Wanted: Citation supporting Duck Typing

P

Paddy

Hi,
The wikipedia article on Duck Typing has this criticism section that
needs a citation:
(Fron: http://en.wikipedia.org/wiki/Duck_typing#Criticism)

An often cited criticism is this:
One issue with duck typing is that it forces the programmer to
have a much wider understanding of the code he or she is working with
at any given time. In a strongly and statically typed language that
uses type hierarchies and parameter type checking, it's much harder to
supply an unexpected object type to a class. For instance, in python,
you could easily create a class called Wine, which expects a class
implementing the "press" method as an ingredient. However, a class
called Trousers might also implement the press() method. With Duck
Typing, in order to prevent strange, hard to detect errors, the coder
needs to be aware of each potential use of the method "press", even
when it's conceptually unrelated to what he or she is working on. With
type checking and hierarchical type declarations, all wine ingredients
would be subclasses of WineIngredient or something like that, negating
the problem.

In essence, the problem is that, "if it walks like a duck and
quacks like a duck", it could be a dragon doing a duck impersonation.
You may not always want to let dragons into a pond, even if they can
impersonate a duck.

In practice, the issue is equivalent to not mixing dissimilar objects
for duck-typing and is handled almost transparently as part of the
knowledge of the codebase required to maintain it.[citation needed]

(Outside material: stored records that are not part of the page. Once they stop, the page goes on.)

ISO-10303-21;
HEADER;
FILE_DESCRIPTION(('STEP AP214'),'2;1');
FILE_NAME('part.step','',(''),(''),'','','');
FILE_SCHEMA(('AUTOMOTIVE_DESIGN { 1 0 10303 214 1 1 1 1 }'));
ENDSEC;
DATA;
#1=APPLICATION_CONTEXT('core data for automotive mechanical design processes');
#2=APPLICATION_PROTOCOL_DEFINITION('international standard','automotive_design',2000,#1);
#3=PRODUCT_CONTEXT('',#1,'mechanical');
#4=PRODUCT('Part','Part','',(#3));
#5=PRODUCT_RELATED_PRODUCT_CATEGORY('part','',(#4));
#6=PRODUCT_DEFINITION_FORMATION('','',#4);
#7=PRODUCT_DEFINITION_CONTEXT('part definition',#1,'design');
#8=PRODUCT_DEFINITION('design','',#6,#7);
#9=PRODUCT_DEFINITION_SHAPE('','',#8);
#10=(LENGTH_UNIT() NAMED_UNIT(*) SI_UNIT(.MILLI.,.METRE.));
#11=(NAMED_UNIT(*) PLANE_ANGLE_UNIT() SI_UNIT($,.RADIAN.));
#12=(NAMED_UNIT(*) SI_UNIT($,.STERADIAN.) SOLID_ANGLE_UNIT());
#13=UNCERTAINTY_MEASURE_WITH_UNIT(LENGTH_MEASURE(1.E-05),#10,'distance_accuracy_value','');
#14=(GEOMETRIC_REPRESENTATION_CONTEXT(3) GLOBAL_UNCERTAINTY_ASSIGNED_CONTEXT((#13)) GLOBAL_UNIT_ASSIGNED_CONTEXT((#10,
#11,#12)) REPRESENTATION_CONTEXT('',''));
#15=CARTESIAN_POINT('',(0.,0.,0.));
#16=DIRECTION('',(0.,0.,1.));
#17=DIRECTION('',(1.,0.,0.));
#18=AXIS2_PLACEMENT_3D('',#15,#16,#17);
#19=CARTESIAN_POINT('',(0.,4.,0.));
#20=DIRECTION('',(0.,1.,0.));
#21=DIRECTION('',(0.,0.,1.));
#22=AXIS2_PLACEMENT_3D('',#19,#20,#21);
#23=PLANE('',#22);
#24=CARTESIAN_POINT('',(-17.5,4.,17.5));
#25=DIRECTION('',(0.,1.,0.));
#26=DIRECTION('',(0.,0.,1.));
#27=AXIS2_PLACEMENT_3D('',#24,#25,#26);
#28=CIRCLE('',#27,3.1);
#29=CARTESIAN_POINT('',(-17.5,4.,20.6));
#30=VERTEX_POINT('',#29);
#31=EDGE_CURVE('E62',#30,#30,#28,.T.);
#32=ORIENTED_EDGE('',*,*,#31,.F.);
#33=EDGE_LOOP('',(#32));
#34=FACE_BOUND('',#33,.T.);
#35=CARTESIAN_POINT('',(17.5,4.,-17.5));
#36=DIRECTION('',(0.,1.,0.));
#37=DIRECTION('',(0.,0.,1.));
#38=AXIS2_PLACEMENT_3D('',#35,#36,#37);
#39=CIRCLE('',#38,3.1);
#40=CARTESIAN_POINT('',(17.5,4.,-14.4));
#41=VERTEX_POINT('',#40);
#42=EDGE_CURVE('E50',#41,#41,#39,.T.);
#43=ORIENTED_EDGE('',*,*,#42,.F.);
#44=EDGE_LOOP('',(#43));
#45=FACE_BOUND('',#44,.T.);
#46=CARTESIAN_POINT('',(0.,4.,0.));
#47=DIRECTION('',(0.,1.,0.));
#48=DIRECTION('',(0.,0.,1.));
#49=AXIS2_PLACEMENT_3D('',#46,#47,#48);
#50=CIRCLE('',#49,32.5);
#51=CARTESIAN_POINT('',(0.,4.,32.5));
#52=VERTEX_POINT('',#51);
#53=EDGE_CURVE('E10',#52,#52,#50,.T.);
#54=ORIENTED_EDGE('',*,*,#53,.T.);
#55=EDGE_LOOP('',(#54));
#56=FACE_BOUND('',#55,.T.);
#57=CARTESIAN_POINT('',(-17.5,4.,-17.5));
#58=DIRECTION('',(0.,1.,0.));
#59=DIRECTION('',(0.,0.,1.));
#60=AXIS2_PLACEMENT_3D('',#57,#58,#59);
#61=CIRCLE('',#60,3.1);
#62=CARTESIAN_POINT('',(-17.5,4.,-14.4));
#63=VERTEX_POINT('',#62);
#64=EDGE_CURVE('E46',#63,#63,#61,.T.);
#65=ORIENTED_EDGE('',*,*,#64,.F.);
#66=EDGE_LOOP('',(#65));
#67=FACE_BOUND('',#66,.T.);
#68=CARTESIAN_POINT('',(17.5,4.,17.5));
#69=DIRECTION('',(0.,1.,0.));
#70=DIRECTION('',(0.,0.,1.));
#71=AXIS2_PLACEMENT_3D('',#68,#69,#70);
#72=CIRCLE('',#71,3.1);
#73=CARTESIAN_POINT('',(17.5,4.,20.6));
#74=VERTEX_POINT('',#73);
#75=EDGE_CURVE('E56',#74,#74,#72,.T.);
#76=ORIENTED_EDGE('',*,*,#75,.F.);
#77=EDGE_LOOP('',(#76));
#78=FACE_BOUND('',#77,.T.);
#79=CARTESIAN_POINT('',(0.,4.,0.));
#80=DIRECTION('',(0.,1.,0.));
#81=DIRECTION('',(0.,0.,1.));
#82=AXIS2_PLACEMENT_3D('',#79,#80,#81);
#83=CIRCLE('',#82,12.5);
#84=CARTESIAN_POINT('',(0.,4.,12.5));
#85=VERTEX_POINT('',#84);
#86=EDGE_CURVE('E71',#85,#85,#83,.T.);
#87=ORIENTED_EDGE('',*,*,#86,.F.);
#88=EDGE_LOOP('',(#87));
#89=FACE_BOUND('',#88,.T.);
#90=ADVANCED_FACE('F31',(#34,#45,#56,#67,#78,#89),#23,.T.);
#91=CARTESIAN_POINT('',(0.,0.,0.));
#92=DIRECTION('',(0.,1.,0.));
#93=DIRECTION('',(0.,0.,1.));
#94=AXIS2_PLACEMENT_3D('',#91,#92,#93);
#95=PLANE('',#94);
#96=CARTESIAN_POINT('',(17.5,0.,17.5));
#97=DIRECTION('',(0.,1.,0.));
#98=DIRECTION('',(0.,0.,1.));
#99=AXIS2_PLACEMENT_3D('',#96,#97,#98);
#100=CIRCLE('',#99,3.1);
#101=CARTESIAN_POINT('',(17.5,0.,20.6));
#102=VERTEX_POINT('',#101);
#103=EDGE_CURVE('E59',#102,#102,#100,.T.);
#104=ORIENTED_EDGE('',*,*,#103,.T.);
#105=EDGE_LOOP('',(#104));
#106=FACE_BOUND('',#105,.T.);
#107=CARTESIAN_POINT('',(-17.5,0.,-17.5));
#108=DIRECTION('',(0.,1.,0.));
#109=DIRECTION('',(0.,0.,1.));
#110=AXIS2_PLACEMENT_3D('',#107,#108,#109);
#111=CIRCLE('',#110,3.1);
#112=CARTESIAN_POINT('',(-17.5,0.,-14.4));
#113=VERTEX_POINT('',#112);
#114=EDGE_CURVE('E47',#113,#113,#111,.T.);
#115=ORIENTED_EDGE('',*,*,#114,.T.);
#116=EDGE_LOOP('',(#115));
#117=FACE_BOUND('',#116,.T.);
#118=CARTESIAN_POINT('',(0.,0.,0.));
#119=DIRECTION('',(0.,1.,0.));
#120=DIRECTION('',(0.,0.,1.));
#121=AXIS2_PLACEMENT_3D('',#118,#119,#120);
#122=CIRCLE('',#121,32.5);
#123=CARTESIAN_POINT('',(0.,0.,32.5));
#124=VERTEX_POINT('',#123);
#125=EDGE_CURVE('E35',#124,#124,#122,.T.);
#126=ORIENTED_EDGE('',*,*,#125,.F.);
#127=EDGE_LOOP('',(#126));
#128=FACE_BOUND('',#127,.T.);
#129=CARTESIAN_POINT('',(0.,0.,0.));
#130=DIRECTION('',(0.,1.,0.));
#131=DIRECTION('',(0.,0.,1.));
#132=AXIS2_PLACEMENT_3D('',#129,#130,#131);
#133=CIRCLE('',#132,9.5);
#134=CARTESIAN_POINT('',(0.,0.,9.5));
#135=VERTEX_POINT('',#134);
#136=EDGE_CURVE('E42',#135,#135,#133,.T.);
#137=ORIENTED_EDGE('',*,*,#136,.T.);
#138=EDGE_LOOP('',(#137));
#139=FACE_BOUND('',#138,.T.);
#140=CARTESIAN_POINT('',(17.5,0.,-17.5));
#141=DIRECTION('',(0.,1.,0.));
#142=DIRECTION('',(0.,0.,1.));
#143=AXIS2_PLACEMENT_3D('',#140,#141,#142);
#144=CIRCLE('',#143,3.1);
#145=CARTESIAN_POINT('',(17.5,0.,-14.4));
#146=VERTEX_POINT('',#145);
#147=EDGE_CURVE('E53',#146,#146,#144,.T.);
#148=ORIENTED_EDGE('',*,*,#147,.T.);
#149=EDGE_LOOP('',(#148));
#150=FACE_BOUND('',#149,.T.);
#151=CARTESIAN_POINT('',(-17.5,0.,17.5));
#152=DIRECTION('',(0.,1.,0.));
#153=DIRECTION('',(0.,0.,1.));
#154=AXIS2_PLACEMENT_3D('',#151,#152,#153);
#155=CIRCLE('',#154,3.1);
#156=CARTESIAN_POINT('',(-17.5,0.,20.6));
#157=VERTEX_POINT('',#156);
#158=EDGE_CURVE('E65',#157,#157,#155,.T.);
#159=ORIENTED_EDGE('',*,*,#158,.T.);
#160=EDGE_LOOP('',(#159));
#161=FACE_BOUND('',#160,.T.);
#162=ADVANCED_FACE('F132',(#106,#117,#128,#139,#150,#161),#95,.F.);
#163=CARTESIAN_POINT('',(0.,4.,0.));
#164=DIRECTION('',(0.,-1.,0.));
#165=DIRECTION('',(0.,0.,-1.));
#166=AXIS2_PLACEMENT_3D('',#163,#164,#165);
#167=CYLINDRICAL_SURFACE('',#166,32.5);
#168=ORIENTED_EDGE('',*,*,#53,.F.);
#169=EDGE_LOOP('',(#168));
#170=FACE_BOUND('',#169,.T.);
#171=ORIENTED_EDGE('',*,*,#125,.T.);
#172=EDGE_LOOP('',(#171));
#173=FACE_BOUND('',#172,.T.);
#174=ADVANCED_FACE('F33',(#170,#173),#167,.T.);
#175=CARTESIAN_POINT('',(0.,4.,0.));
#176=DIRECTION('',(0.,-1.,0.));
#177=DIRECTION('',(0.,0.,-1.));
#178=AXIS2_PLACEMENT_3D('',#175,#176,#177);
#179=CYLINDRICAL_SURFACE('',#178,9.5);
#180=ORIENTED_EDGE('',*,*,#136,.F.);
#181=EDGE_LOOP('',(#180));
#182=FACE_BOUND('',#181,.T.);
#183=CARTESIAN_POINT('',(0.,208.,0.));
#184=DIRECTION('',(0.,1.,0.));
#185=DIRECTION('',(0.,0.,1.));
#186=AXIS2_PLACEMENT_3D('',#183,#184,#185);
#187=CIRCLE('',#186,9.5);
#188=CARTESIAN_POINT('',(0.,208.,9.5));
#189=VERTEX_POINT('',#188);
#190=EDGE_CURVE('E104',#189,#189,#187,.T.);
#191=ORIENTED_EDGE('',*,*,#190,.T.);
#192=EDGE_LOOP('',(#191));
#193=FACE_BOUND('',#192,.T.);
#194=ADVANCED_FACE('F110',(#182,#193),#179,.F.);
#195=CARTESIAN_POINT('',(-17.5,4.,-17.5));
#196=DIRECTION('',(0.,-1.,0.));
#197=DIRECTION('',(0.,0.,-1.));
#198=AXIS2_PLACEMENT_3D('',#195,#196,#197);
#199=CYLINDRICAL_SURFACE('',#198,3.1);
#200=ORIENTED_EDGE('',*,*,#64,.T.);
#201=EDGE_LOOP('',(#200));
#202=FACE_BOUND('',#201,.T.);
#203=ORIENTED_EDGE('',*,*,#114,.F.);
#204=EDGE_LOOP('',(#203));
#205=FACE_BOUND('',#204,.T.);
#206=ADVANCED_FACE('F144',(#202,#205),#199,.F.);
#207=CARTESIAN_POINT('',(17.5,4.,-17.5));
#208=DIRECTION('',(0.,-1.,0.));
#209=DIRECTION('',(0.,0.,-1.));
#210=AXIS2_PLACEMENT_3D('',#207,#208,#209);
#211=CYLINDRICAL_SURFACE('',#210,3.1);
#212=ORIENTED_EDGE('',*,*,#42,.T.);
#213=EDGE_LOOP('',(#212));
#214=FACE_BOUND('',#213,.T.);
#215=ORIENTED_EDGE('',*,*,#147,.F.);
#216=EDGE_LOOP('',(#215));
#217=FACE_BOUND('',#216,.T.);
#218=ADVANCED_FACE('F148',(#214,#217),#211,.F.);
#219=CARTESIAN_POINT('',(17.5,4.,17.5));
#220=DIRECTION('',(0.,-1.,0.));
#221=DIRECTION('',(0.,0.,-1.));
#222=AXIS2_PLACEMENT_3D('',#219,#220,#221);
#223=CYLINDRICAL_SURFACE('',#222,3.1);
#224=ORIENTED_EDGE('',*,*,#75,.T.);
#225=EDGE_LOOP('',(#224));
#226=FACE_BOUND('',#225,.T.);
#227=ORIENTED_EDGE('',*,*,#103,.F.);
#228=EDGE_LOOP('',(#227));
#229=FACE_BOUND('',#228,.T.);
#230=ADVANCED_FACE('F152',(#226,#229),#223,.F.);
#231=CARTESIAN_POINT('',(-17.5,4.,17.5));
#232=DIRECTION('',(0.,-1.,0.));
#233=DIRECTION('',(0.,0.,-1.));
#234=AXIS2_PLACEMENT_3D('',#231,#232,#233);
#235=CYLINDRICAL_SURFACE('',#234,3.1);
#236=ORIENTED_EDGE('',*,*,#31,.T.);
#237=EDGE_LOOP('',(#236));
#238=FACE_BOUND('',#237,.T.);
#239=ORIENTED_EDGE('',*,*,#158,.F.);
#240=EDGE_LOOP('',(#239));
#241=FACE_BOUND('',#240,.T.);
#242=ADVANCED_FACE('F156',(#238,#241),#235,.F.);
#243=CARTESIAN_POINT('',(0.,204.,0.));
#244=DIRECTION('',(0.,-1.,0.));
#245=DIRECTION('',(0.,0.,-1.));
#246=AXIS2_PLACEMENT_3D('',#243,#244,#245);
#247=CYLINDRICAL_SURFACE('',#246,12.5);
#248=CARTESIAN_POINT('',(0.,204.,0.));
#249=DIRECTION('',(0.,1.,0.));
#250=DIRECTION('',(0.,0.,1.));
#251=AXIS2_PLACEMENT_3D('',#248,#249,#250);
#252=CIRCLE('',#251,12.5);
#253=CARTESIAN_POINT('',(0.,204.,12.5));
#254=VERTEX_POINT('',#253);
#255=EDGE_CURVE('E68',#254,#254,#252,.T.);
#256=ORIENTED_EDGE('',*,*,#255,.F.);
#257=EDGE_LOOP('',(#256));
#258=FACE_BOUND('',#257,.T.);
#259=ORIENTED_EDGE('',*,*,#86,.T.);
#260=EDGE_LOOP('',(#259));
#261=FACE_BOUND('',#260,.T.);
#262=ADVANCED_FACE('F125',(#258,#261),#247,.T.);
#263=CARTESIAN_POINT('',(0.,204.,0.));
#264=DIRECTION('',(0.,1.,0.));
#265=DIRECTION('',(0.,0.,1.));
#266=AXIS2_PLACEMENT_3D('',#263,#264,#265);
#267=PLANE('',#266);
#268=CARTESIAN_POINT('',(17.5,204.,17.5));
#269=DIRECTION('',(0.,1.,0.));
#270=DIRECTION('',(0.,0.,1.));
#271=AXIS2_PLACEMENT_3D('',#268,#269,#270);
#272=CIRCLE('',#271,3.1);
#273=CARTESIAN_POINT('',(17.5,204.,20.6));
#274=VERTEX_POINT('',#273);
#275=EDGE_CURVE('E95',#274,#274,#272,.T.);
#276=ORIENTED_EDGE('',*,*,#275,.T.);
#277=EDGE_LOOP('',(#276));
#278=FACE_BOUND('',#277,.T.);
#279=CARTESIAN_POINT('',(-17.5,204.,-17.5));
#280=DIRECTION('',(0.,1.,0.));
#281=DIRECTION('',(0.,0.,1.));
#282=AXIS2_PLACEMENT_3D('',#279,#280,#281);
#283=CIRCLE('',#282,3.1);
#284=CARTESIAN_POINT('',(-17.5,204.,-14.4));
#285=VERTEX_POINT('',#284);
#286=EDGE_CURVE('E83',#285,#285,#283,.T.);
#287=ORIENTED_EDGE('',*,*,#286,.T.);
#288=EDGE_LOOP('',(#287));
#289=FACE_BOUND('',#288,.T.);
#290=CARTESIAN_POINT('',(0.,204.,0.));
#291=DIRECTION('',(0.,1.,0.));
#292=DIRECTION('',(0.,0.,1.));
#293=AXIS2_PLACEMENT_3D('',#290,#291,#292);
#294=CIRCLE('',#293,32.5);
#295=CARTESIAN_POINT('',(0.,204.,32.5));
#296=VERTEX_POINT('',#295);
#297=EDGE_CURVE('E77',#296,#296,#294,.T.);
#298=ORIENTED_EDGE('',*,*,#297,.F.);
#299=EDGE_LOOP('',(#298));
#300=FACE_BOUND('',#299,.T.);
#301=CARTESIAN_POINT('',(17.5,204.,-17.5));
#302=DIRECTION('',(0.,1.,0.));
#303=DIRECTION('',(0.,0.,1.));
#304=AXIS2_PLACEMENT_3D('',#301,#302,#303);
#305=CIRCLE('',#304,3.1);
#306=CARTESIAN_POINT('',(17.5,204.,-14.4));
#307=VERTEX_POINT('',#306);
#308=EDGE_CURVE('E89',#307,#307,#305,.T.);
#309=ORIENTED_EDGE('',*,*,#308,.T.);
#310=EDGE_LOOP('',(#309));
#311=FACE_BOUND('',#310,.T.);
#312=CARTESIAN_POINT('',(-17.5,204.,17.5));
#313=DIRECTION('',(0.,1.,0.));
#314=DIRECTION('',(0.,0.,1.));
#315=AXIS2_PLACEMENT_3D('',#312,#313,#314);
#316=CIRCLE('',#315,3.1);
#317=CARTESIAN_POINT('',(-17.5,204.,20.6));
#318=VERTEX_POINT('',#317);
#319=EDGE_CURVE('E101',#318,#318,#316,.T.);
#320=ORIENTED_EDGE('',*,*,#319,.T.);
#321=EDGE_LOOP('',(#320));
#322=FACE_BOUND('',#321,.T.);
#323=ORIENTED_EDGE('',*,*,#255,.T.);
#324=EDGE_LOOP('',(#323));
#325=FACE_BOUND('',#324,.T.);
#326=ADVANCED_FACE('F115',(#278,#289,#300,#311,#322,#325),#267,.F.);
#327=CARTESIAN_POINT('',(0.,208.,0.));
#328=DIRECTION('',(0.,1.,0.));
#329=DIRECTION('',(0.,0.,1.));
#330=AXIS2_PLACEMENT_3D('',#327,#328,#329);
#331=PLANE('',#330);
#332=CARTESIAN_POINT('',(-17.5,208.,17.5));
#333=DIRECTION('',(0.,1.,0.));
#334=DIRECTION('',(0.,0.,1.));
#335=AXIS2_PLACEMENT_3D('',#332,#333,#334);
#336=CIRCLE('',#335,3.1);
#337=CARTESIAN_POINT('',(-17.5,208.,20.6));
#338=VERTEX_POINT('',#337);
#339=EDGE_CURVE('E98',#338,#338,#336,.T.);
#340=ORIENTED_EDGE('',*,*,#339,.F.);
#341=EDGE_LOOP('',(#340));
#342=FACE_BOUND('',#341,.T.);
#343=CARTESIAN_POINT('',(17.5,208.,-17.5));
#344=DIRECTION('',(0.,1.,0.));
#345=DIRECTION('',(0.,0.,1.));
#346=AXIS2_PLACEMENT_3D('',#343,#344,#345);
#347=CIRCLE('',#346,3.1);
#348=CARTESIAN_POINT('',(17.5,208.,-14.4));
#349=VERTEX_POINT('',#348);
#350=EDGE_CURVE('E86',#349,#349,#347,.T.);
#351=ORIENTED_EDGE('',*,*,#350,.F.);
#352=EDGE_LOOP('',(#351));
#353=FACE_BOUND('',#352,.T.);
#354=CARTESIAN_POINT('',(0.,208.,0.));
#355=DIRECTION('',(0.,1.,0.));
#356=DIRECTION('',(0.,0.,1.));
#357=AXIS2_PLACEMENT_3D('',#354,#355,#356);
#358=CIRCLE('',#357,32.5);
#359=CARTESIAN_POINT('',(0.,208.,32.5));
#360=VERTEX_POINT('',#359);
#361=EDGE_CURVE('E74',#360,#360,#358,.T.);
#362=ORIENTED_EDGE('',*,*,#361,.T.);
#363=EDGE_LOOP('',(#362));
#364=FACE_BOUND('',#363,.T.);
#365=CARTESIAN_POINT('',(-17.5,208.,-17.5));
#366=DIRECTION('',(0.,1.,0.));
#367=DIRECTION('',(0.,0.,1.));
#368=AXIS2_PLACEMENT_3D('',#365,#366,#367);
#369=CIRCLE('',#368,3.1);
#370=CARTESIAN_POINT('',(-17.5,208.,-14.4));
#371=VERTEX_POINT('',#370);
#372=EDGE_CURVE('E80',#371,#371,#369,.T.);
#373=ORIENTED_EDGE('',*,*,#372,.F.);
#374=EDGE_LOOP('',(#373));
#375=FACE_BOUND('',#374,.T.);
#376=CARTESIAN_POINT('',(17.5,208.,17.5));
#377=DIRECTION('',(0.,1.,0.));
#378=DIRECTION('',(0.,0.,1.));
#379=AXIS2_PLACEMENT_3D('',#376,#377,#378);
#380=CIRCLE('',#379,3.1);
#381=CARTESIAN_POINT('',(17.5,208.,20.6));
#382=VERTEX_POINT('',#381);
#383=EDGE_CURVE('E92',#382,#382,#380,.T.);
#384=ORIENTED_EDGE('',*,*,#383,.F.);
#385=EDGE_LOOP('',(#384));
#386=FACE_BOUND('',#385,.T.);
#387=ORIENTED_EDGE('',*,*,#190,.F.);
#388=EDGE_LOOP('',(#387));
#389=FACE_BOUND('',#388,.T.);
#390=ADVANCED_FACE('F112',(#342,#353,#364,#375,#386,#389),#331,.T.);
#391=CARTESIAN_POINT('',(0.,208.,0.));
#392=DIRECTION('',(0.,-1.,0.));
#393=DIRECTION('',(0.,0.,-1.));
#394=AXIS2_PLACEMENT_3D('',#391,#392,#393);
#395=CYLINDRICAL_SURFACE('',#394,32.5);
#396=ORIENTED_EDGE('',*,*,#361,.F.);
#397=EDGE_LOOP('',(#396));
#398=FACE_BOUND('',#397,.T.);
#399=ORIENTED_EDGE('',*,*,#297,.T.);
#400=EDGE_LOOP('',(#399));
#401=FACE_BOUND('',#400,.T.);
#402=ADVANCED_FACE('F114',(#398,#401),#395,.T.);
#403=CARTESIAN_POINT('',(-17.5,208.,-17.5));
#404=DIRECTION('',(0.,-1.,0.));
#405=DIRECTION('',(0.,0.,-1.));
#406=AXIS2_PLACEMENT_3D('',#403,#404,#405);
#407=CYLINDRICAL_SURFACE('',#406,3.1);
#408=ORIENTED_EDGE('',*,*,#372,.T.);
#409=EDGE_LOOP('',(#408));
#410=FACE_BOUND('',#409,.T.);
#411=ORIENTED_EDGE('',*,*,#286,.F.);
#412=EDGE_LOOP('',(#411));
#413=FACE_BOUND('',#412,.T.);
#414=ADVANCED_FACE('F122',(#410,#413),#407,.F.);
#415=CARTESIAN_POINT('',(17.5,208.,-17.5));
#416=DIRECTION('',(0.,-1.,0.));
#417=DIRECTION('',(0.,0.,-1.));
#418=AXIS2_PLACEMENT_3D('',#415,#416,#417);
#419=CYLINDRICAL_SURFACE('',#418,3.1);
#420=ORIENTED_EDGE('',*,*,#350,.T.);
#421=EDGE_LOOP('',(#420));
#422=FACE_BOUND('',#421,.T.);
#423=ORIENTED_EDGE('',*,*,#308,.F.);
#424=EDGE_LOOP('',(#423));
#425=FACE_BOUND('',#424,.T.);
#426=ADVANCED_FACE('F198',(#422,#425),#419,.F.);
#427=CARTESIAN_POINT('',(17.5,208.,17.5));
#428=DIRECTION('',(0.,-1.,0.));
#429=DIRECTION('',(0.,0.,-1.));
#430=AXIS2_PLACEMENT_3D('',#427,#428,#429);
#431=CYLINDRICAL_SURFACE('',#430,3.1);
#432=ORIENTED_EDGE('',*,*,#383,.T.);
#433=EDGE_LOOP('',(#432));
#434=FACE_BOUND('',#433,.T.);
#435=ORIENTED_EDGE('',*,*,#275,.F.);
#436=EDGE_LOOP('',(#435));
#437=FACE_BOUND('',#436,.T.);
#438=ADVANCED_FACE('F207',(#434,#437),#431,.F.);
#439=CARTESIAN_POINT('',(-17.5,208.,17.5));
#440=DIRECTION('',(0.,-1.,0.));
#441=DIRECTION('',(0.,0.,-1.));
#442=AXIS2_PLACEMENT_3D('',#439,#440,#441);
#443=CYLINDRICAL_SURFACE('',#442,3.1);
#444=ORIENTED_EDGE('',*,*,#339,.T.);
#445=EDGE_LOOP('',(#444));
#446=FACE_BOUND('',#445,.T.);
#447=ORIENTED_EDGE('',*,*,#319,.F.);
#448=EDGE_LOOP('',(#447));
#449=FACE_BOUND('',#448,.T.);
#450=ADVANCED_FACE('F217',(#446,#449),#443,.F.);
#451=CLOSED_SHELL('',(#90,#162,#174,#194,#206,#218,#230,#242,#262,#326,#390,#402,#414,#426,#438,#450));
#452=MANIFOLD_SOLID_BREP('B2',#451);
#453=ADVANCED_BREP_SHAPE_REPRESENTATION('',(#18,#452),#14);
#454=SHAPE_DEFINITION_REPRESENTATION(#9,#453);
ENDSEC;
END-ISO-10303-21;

I've only found this so far as a citation:
http://jessenoller.com/2007/05/30/typeducking-on-duck-vs-static-typing/
Whilst it is good, do you know any other work that refutes the
criticism?

(I, and many others don't see the problem, but who has written about
it).

Thanks, Paddy.
 
P

Paddy

Hi,
The wikipedia article on Duck Typing has this criticism section that
needs a citation:
(Fron:http://en.wikipedia.org/wiki/Duck_typing#Criticism)

An often cited criticism is this:
One issue with duck typing is that it forces the programmer to
have a much wider understanding of the code he or she is working with
at any given time. In a strongly and statically typed language that
uses type hierarchies and parameter type checking, it's much harder to
supply an unexpected object type to a class. For instance, in python,
you could easily create a class called Wine, which expects a class
implementing the "press" method as an ingredient. However, a class
called Trousers might also implement the press() method. With Duck
Typing, in order to prevent strange, hard to detect errors, the coder
needs to be aware of each potential use of the method "press", even
when it's conceptually unrelated to what he or she is working on. With
type checking and hierarchical type declarations, all wine ingredients
would be subclasses of WineIngredient or something like that, negating
the problem.

In essence, the problem is that, "if it walks like a duck and
quacks like a duck", it could be a dragon doing a duck impersonation.
You may not always want to let dragons into a pond, even if they can
impersonate a duck.

In practice, the issue is equivalent to not mixing dissimilar objects
for duck-typing and is handled almost transparently as part of the
knowledge of the codebase required to maintain it.[citation needed]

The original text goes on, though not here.